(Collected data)
Start of Block

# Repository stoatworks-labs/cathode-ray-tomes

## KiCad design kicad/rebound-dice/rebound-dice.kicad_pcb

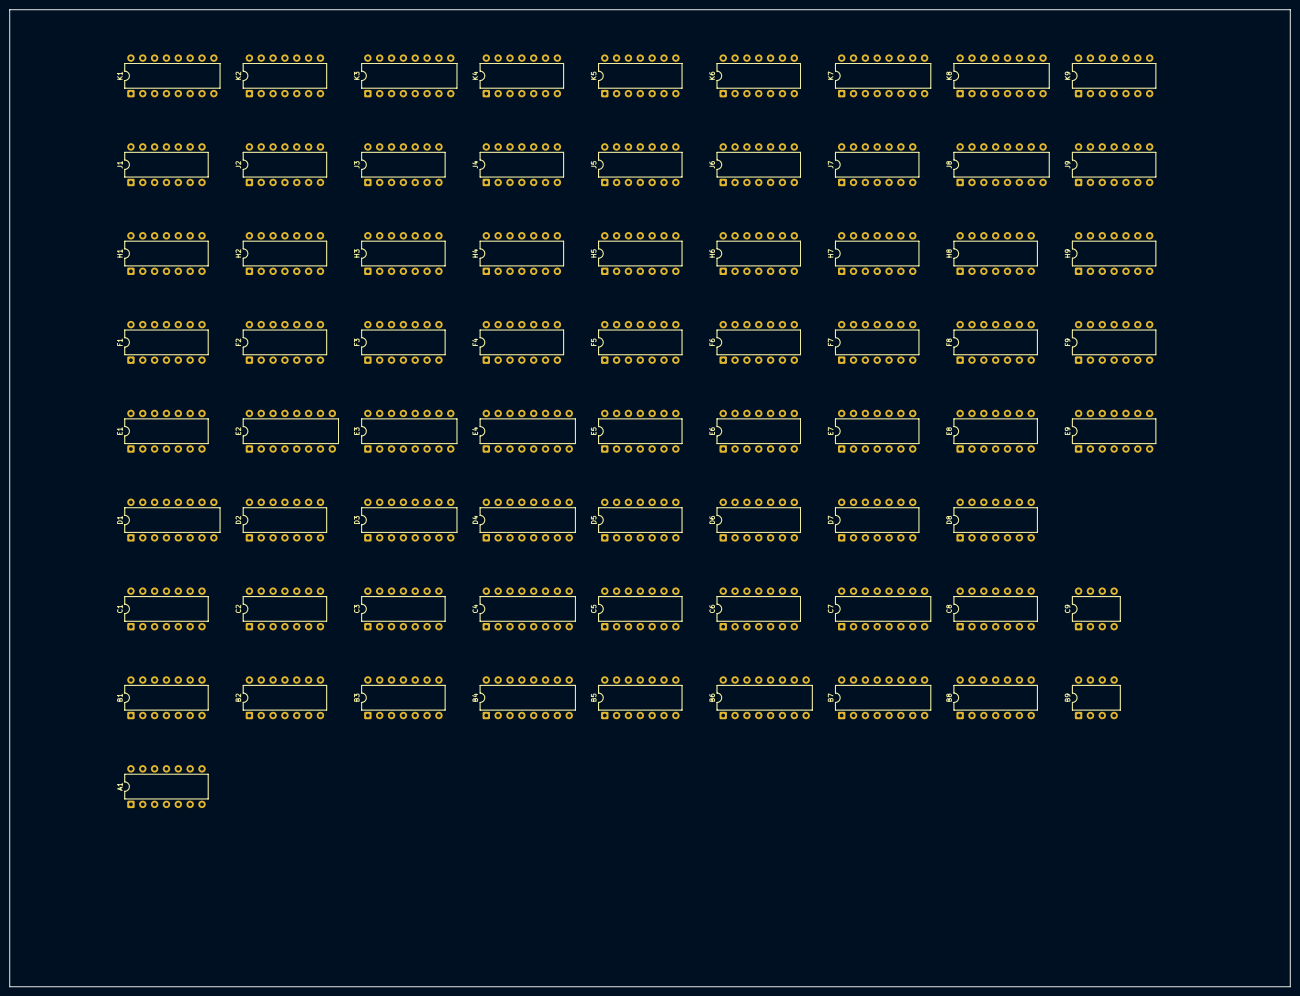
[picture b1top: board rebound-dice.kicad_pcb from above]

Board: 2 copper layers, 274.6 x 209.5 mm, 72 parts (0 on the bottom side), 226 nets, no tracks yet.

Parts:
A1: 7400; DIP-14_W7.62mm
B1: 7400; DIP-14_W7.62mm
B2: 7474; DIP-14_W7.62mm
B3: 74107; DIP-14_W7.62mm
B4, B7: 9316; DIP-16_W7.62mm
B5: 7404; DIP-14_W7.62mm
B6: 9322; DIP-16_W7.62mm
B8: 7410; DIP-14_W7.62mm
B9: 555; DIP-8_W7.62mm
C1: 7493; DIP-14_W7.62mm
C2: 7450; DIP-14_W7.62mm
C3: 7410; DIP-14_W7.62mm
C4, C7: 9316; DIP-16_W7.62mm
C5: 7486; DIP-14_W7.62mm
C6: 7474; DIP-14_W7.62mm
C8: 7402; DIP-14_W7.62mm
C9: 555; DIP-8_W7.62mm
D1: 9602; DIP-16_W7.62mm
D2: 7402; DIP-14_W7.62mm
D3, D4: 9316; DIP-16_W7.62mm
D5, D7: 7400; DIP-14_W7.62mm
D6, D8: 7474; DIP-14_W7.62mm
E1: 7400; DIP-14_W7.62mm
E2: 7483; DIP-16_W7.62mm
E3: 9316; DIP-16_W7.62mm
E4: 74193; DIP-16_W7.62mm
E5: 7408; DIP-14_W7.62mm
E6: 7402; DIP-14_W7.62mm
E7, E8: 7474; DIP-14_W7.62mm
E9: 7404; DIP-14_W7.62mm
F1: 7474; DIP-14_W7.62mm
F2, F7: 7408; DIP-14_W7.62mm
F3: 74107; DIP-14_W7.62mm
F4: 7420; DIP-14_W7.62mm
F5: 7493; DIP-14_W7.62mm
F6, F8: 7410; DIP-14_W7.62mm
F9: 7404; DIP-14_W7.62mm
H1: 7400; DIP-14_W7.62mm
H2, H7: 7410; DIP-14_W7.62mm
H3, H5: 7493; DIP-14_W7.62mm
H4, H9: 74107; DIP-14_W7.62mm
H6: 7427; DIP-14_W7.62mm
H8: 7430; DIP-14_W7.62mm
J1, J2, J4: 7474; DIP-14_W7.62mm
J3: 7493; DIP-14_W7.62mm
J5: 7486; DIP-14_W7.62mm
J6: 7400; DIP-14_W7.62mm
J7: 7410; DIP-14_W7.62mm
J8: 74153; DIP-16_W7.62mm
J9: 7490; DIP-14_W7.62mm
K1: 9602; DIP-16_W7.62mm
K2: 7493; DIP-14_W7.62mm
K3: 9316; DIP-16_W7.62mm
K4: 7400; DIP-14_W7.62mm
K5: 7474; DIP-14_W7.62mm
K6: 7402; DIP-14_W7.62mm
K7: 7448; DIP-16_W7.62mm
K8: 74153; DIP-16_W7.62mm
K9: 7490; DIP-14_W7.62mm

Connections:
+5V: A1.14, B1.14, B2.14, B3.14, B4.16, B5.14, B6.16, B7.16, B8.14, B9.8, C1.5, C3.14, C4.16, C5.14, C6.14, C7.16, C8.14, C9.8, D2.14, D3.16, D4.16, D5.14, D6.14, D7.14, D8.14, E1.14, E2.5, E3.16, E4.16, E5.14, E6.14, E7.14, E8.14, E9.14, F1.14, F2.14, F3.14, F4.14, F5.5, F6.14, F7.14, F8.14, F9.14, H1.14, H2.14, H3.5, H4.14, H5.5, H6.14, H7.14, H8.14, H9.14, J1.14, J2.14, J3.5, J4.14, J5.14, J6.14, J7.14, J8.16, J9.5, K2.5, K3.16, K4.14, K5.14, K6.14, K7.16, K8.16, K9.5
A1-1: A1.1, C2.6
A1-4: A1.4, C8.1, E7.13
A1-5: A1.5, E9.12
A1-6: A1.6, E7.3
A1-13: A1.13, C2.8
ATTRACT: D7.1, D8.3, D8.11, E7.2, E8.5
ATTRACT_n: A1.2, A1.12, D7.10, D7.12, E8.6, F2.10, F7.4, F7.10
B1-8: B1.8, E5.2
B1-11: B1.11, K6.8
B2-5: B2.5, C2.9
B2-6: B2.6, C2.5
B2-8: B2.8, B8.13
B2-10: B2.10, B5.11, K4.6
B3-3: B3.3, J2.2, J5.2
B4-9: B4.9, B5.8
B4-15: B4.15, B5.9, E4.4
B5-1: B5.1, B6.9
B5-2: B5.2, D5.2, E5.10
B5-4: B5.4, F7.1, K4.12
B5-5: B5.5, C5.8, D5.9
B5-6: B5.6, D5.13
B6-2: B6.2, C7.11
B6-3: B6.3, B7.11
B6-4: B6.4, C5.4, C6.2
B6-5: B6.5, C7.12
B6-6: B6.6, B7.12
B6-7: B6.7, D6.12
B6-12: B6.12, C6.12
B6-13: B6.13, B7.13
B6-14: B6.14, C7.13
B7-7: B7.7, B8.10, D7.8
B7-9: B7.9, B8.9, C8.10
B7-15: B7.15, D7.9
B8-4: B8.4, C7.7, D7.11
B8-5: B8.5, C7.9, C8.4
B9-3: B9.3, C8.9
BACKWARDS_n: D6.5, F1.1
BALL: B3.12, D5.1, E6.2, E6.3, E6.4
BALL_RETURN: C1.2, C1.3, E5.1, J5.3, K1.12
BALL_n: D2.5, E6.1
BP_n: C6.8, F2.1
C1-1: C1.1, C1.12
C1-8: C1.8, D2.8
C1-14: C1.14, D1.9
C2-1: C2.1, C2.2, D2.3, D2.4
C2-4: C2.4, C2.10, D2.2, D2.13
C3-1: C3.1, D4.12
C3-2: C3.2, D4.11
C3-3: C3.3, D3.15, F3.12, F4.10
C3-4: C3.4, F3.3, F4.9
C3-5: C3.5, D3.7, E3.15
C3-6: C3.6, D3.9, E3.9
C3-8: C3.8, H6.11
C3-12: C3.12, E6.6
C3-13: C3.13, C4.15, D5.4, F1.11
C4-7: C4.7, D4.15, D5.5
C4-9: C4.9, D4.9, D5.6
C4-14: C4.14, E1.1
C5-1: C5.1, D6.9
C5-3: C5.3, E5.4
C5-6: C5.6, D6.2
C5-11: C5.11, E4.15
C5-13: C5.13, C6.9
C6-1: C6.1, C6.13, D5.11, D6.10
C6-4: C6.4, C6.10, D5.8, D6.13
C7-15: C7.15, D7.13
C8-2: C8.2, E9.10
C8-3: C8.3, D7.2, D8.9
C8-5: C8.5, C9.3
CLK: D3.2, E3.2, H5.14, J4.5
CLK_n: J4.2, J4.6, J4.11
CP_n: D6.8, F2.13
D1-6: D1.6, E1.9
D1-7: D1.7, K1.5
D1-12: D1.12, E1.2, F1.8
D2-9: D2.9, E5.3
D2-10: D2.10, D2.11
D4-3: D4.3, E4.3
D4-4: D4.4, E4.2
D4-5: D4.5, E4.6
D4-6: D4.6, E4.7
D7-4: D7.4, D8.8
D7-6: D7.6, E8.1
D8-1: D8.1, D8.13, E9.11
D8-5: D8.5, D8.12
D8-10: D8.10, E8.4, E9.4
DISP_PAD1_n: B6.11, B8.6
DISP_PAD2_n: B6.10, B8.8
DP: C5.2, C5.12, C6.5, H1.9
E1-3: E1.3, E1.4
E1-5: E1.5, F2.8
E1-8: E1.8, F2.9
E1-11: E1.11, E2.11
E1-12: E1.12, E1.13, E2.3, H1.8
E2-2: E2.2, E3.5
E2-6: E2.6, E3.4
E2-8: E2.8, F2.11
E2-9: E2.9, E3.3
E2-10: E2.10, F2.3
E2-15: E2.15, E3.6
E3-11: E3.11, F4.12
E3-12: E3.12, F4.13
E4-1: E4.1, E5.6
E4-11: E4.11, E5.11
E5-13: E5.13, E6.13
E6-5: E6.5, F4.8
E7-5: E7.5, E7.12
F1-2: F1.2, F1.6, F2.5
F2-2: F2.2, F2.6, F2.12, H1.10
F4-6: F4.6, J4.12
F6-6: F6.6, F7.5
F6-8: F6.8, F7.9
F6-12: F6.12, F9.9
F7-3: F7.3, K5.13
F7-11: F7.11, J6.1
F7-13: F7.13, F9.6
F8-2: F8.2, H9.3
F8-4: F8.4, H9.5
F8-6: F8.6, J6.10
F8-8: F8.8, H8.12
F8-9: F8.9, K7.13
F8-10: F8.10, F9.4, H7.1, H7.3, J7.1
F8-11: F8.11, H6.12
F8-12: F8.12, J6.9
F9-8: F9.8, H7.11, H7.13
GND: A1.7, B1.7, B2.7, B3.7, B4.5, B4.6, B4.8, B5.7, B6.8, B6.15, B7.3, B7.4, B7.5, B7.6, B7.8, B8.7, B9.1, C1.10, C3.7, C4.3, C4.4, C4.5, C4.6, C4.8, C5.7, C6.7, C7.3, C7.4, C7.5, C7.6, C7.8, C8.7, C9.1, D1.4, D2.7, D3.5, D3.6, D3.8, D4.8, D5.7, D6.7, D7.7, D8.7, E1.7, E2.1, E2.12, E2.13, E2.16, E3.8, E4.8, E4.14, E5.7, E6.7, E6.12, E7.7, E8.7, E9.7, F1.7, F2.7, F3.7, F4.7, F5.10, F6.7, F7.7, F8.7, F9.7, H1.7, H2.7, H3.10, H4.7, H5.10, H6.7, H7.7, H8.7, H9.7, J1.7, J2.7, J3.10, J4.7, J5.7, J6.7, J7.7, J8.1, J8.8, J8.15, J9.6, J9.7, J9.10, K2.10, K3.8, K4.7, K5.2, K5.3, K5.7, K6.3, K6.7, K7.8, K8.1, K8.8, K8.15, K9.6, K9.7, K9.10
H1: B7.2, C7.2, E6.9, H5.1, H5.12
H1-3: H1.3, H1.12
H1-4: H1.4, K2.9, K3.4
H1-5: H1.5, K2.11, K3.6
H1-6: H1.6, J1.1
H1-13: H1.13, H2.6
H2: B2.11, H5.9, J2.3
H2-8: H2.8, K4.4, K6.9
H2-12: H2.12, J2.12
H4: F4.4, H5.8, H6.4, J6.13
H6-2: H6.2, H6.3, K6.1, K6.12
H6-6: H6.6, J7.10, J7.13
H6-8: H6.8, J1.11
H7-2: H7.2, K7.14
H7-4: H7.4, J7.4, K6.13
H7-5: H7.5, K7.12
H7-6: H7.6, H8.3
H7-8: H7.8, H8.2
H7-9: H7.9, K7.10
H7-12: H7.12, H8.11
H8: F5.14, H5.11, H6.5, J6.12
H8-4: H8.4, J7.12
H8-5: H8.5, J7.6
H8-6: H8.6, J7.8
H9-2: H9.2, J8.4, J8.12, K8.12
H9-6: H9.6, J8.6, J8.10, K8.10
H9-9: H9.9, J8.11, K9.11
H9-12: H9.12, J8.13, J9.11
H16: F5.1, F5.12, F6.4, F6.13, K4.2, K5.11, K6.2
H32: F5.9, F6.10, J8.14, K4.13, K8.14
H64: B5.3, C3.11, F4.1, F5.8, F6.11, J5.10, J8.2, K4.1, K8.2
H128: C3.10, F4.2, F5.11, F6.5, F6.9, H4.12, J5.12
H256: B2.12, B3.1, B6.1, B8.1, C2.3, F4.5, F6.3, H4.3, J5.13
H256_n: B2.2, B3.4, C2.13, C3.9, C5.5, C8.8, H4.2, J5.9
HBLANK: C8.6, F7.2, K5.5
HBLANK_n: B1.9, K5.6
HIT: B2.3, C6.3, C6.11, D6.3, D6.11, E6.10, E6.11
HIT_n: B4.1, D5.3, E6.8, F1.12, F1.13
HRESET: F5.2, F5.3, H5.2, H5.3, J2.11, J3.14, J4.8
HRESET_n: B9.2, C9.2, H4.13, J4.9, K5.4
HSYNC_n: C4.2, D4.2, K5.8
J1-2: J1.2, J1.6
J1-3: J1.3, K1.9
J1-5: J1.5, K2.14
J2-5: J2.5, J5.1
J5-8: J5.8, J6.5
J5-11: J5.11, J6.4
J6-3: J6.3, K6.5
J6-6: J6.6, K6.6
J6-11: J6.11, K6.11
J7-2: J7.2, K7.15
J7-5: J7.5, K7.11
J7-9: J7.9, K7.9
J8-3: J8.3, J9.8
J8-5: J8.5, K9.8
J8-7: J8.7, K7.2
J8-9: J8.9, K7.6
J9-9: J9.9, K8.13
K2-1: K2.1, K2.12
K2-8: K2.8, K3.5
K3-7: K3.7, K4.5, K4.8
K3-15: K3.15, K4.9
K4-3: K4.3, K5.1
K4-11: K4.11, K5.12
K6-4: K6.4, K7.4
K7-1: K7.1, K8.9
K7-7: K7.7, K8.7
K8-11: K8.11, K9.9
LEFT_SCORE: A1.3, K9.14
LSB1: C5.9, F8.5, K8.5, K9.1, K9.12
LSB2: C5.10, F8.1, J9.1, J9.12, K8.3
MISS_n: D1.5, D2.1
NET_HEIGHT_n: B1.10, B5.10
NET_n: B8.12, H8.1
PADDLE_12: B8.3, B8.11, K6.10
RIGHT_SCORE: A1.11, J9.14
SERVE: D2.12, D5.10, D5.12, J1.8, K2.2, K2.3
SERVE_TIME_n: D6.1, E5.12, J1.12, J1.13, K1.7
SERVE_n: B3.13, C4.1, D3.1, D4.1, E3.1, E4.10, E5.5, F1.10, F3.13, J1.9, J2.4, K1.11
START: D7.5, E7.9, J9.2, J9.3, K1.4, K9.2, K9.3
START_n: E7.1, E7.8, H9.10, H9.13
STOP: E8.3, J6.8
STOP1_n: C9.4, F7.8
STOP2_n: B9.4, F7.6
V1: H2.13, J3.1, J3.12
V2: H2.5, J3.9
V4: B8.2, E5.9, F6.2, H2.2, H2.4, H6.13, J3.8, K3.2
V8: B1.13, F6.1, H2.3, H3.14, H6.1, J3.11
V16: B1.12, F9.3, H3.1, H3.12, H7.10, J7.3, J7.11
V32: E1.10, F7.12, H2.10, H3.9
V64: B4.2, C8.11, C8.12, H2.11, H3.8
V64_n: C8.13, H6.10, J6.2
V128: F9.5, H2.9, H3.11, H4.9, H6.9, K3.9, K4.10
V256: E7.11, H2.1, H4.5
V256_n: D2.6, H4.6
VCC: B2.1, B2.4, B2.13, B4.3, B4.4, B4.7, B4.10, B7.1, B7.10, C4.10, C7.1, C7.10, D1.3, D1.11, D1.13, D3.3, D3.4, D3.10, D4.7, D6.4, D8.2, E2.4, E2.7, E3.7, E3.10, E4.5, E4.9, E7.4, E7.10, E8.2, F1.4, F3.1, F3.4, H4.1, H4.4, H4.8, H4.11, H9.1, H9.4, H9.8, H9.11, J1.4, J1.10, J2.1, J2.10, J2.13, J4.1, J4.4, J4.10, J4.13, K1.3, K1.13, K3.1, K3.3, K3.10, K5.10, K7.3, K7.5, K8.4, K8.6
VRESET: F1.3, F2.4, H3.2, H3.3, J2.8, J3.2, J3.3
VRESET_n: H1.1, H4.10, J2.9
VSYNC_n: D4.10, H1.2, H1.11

End of Block

* **PROBLEM STATEMENT**:
Retype exactly, and only, the lines above from the one where "HIT: B2.3, C6.3, C6.11, D6.3, D6.11, E6.10, E6.11" occurs up to and including the one where "V8: B1.13, F6.1, H2.3, H3.14, H6.1, J3.11" occurs.

* **RESPONSE BELOW**:
HIT: B2.3, C6.3, C6.11, D6.3, D6.11, E6.10, E6.11
HIT_n: B4.1, D5.3, E6.8, F1.12, F1.13
HRESET: F5.2, F5.3, H5.2, H5.3, J2.11, J3.14, J4.8
HRESET_n: B9.2, C9.2, H4.13, J4.9, K5.4
HSYNC_n: C4.2, D4.2, K5.8
J1-2: J1.2, J1.6
J1-3: J1.3, K1.9
J1-5: J1.5, K2.14
J2-5: J2.5, J5.1
J5-8: J5.8, J6.5
J5-11: J5.11, J6.4
J6-3: J6.3, K6.5
J6-6: J6.6, K6.6
J6-11: J6.11, K6.11
J7-2: J7.2, K7.15
J7-5: J7.5, K7.11
J7-9: J7.9, K7.9
J8-3: J8.3, J9.8
J8-5: J8.5, K9.8
J8-7: J8.7, K7.2
J8-9: J8.9, K7.6
J9-9: J9.9, K8.13
K2-1: K2.1, K2.12
K2-8: K2.8, K3.5
K3-7: K3.7, K4.5, K4.8
K3-15: K3.15, K4.9
K4-3: K4.3, K5.1
K4-11: K4.11, K5.12
K6-4: K6.4, K7.4
K7-1: K7.1, K8.9
K7-7: K7.7, K8.7
K8-11: K8.11, K9.9
LEFT_SCORE: A1.3, K9.14
LSB1: C5.9, F8.5, K8.5, K9.1, K9.12
LSB2: C5.10, F8.1, J9.1, J9.12, K8.3
MISS_n: D1.5, D2.1
NET_HEIGHT_n: B1.10, B5.10
NET_n: B8.12, H8.1
PADDLE_12: B8.3, B8.11, K6.10
RIGHT_SCORE: A1.11, J9.14
SERVE: D2.12, D5.10, D5.12, J1.8, K2.2, K2.3
SERVE_TIME_n: D6.1, E5.12, J1.12, J1.13, K1.7
SERVE_n: B3.13, C4.1, D3.1, D4.1, E3.1, E4.10, E5.5, F1.10, F3.13, J1.9, J2.4, K1.11
START: D7.5, E7.9, J9.2, J9.3, K1.4, K9.2, K9.3
START_n: E7.1, E7.8, H9.10, H9.13
STOP: E8.3, J6.8
STOP1_n: C9.4, F7.8
STOP2_n: B9.4, F7.6
V1: H2.13, J3.1, J3.12
V2: H2.5, J3.9
V4: B8.2, E5.9, F6.2, H2.2, H2.4, H6.13, J3.8, K3.2
V8: B1.13, F6.1, H2.3, H3.14, H6.1, J3.11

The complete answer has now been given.